Thanx for the inspiration Joe

finally done it myself too. A variation actually. Swam @ Polo Beach at midnight & ascended the East Ridge in the cool of the night, glimpsed the peaks of Big Island over the sea of clouds at sunrise, jogged along the Skyline to the top, and then descended through the famous redwood forest (no sea coast in that direction and so "only" 7300 ft down, but the misty woods are 100% worth it). 8 hrs up and 4 down, 42 miles per my GPS.

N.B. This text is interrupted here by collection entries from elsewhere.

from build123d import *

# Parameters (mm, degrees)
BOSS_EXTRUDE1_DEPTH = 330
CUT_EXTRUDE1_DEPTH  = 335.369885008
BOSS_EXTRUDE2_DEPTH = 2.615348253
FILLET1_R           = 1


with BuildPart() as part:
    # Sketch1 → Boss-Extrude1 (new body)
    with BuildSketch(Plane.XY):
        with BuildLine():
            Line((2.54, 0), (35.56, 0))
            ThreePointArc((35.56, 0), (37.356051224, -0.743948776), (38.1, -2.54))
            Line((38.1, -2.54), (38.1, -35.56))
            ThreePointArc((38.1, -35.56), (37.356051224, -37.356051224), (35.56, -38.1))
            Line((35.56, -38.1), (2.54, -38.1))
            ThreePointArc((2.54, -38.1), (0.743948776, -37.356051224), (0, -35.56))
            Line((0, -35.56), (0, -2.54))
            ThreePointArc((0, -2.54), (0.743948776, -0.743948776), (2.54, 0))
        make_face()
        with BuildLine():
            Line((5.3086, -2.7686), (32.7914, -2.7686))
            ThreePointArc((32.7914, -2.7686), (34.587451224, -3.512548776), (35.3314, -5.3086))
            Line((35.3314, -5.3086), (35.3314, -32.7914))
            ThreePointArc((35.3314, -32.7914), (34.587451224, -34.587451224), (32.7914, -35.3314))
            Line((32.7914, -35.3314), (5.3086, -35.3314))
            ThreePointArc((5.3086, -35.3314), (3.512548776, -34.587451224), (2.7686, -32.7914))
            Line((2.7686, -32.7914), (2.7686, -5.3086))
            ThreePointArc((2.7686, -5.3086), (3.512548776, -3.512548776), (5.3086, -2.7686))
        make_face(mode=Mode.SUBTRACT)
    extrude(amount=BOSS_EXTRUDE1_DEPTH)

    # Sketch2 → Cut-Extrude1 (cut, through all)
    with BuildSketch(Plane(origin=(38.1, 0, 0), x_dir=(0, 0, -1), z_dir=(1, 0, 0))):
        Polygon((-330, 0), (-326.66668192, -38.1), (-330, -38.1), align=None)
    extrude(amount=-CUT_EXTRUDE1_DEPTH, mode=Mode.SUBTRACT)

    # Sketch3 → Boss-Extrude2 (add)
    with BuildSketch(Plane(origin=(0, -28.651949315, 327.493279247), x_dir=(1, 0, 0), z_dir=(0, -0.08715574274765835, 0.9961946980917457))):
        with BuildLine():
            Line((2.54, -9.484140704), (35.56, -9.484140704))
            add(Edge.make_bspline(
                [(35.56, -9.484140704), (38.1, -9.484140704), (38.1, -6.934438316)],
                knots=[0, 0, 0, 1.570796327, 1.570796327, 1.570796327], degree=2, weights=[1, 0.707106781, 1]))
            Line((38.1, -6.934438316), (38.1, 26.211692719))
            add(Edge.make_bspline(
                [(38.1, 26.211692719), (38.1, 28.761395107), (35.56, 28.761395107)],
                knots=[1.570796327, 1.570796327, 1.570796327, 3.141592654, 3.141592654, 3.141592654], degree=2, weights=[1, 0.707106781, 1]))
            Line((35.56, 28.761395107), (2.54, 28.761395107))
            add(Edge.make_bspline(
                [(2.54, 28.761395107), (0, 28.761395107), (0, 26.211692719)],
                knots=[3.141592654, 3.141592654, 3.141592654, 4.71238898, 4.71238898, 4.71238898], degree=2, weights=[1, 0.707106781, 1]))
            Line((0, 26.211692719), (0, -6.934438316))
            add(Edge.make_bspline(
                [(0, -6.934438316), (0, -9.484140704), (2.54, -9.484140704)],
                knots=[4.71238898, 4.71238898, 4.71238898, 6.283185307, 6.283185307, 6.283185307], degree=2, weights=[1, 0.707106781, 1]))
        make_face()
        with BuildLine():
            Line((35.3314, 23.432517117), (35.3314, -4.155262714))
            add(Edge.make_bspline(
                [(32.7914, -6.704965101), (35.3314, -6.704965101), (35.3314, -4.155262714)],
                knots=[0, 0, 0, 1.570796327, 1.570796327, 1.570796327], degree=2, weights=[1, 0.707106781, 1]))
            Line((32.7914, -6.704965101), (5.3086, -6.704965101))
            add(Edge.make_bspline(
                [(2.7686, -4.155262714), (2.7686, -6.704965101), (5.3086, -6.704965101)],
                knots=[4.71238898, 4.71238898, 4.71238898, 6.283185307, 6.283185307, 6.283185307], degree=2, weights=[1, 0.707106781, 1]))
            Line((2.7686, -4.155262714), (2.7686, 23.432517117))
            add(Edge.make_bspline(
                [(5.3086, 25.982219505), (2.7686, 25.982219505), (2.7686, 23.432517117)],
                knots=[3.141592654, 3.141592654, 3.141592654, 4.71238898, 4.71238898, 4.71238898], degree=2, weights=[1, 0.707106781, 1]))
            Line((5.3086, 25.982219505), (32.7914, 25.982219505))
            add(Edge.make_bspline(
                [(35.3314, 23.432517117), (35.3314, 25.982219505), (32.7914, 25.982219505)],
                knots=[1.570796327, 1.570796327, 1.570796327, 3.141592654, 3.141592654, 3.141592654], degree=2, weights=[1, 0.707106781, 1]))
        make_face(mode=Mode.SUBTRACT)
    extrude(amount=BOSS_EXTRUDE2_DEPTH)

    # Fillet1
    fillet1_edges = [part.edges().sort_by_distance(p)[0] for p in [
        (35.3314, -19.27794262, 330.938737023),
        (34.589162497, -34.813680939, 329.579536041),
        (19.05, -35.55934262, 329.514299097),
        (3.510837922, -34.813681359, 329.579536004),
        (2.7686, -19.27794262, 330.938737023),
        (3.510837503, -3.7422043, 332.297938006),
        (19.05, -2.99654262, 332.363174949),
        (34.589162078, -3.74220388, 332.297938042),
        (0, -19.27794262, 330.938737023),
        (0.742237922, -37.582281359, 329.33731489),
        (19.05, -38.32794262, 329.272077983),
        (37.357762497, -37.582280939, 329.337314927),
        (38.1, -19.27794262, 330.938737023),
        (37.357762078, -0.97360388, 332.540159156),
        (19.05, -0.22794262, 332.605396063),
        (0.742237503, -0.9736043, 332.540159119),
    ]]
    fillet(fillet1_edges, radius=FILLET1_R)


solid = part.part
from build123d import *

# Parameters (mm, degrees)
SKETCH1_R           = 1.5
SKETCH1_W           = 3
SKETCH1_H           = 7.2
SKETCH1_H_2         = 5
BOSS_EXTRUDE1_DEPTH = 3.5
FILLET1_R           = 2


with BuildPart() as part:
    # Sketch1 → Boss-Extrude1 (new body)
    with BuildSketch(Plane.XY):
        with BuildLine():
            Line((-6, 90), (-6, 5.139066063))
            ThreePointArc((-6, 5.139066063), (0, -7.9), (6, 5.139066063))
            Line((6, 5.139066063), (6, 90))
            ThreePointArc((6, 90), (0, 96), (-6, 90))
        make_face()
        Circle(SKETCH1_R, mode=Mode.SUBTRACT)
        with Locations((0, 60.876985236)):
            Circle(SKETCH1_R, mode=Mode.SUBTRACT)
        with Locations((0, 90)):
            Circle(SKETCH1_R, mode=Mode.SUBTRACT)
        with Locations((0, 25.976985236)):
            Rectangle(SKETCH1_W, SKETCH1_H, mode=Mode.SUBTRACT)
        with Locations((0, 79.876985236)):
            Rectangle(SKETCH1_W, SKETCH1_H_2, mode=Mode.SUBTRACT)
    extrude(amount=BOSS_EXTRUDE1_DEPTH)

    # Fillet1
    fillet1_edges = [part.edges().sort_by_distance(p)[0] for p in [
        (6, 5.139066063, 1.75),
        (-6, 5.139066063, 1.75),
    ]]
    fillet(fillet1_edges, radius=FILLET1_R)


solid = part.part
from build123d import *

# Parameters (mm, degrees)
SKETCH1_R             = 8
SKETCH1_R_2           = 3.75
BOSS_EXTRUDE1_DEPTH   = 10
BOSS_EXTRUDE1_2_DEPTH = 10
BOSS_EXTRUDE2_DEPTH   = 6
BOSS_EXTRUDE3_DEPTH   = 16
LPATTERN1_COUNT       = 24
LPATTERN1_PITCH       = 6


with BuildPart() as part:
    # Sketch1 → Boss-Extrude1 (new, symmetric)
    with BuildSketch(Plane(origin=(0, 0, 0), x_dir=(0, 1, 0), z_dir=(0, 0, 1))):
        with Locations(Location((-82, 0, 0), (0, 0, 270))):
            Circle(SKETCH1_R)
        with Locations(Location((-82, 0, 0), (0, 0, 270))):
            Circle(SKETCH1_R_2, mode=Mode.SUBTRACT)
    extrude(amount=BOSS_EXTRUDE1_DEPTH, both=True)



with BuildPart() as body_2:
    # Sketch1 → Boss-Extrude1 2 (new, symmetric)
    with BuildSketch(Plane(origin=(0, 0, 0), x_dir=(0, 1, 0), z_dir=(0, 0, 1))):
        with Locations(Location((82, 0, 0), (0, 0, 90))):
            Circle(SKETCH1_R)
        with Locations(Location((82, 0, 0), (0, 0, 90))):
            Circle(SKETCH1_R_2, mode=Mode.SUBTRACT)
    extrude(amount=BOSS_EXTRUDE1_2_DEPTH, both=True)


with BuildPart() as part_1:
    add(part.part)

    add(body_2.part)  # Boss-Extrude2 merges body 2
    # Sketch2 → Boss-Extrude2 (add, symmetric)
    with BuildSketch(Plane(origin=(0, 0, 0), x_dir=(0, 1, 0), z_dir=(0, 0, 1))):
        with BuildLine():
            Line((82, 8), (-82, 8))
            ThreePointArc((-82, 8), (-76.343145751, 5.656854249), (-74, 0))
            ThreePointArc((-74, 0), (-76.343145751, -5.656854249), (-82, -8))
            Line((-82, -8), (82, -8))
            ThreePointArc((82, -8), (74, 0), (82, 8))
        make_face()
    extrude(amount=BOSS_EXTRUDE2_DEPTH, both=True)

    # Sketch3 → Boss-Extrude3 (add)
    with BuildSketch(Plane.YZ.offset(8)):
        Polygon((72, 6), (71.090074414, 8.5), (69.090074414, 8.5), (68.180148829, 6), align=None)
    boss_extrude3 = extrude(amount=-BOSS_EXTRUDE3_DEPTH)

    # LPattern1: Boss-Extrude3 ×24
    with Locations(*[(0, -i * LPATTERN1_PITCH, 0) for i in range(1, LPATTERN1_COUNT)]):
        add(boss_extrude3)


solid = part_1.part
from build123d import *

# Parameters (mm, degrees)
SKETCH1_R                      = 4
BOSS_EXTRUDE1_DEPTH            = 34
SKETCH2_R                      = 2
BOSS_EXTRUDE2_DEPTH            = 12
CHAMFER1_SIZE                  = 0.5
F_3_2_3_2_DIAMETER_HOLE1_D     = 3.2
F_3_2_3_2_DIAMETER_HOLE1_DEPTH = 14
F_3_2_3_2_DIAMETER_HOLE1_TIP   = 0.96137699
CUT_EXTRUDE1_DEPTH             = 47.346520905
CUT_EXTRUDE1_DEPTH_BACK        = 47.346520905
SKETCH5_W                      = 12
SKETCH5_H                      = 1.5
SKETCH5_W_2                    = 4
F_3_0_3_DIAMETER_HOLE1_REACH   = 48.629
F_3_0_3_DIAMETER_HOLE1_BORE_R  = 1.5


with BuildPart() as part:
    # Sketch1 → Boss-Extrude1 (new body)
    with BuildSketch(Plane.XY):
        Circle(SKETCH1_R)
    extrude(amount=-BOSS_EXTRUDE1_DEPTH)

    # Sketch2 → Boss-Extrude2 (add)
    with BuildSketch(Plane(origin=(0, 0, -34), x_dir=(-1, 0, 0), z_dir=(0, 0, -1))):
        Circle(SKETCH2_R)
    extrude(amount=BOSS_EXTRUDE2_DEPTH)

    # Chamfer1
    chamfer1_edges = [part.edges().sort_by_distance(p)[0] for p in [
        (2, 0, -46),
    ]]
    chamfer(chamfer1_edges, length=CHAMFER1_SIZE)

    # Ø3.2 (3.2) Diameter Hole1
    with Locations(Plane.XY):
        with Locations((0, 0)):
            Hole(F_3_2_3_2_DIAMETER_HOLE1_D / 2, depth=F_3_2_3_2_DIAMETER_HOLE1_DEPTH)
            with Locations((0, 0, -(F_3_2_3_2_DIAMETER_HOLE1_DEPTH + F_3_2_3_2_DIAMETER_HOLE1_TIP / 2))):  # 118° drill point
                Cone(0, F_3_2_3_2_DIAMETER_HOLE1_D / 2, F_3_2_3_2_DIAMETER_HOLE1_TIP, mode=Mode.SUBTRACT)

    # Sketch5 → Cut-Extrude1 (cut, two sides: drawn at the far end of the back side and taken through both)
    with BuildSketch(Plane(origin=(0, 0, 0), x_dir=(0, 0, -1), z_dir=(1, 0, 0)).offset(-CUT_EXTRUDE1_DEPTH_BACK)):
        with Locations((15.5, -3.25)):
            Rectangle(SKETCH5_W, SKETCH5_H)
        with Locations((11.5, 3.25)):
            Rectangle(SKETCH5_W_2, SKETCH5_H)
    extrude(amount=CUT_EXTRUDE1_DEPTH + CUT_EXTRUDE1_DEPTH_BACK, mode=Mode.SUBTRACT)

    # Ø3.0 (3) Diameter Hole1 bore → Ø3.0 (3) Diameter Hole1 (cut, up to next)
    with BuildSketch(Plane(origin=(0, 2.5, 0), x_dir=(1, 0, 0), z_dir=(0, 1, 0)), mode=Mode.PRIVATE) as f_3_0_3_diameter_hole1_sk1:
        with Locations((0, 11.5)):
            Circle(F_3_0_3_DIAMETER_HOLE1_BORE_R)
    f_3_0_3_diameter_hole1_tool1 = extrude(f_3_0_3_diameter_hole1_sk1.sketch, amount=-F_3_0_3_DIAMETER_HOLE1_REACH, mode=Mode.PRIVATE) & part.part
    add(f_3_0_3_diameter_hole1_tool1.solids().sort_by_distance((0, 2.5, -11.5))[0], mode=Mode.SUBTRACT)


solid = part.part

cakewalk - Feb 25, 2015 1:02 am - Hasn't voted

Kaupo Gap Trail

There are probably not many people hiking this trail and it shows when you're there. In certain places the trail is not well marked nor maintained. However I still do recommend this sea to summit hike because however difficult it may be, it's awesome to do things like this and the park is beautiful. National Geographic has a Trails Illustrated topo map of the park that you can buy for $12 at the park headquarters when you register at Kipahulu. We lost the trail shortly after the start, approximately .5 mile from the trailhead. It cost us a lot of time and anguish as we had limited time to get to Paliku campsites before dark. It looks and sounds like others have made our same detour and why wouldn't people when the trial marker posts point you in the wrong direction! Here is how to avoid the detour we made (getting lost) on 2/18/15: When you get to a switchgrass area after approximately 1/4-1/2 mile there will be a marker post on the left side of the trail telling you to go straight up a hill. Don't do that: TAKE A RIGHT INTO THE SWITCHGRASS for a short bit and keep looking to your left and take a left up into a treed area to continue on the trail. I had limited resources so I did what I could to mark the trail. I put two substantial pencil arrows pointing to the right on the marker post. I also put lava rocks and limbs across the wrong paths in two places and I built three cairns to hopefully guide someone the correct way. I did beat down a trail, beat back some of the switchgrass and I broke some branches that were impeding the trail. This won't last long, as everything is growing out of control and there are cattle, pigs, wild dogs, horses and deer making all sorts of other trials. A small amount of routine maintenance would make a huge difference here but yea right, that's gonna happen! Have a nice hike!